В глаза Логия застыл вопрос, и Ксан раздраженно добавил:
– Старых я докладываю лично. Если будет что докладывать.
Ему не нравилось, что Марат стремился выйти за рамки своих полномочий. В силу характера поручавшихся ему заданий он многое знал и начинал свысока относиться к «простым смертным», не ведавшим о том, чем живут и дышат сильные мира сего и прочие персонажи, представлявшие интерес для резидентуры. Кстати, это относилось не только к пакистанцам, но и к отдельным сотрудникам посольства. Марат неоднократно привлекался для работы на внешнюю контрразведку, проверявшую тех коллег, неважно, мидовских, «ближних» или «дальних», которые вызывали подозрение своим поведением. Скажем, слишком тесно общались с местными жителями или иностранными дипломатами – не по делу, а вследствие личной привязанности, неожиданно начинали вести разгульный образ жизни, привлекая ненужное внимание, конфликтовали с местной публикой, нарываясь на скандалы, и так далее.

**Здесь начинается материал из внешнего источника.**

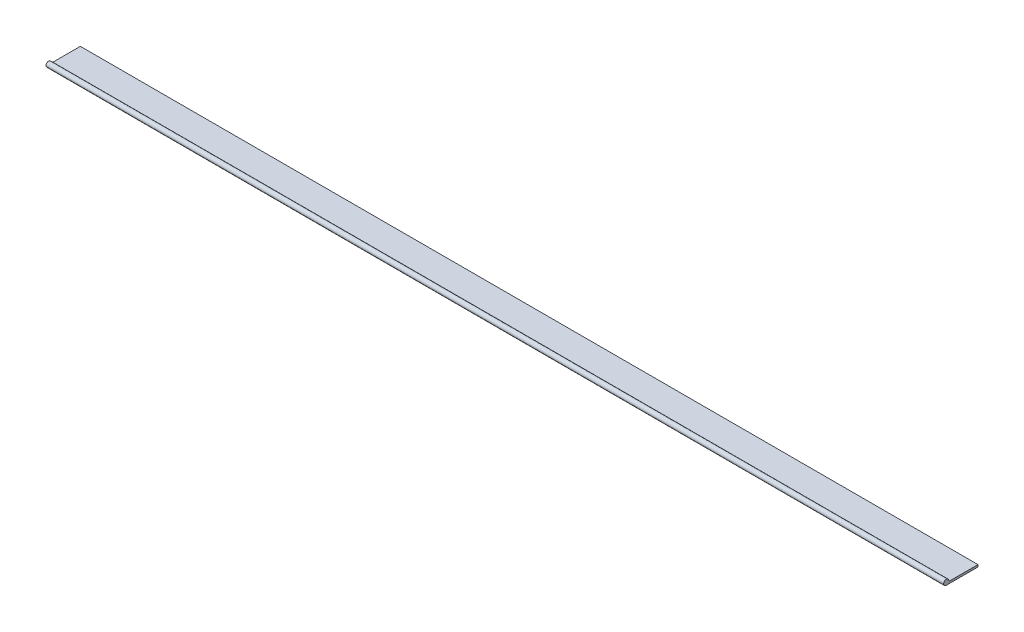
from build123d import *

# Parameters (mm, degrees)
BOSS_EXTRUDE1_DEPTH = 273.05


with BuildPart() as part:
    # Sketch1 → Boss-Extrude1 (new body)
    with BuildSketch(Plane(origin=(0, 0, 0), x_dir=(0, 0, -1), z_dir=(1, 0, 0))):
        with BuildLine():
            Line((0, 0), (9.652, 0))
            Line((9.652, 0), (9.652, 0.635))
            Line((9.652, 0.635), (0.777712993, 0.635))
            ThreePointArc((0.777712993, 0.635), (-0.502011579, 1.408586106), (0, 0))
        make_face()
    extrude(amount=BOSS_EXTRUDE1_DEPTH)


solid = part.part

Ксан давно заметил, что Марат несет себя все более важно, ступает весомо, демонстрируя значительность походки, обстоятельно выступает на оперативках. По всем вопросам имеет свое суждение и подчеркнуто солидно высказывает его, каким бы незрелым оно ни было. Как-то Ксан приструнил этого парня, указав: его дело собирать информацию, и только. Анализировать, давать оценки – этим пусть другие занимаются. Марат спорить не стал, но затаил обиду и не упускал случая поспорить с Ксаном вместо того, чтобы молча «взять под козырек». Вот и сейчас он ядовито блеснул глазами и провел рукой по щекам, заросшим иссиня-черной щетиной. Он всегда был неряшлив, оправдывая это тем, что так легче затеряться в гуще местного люда.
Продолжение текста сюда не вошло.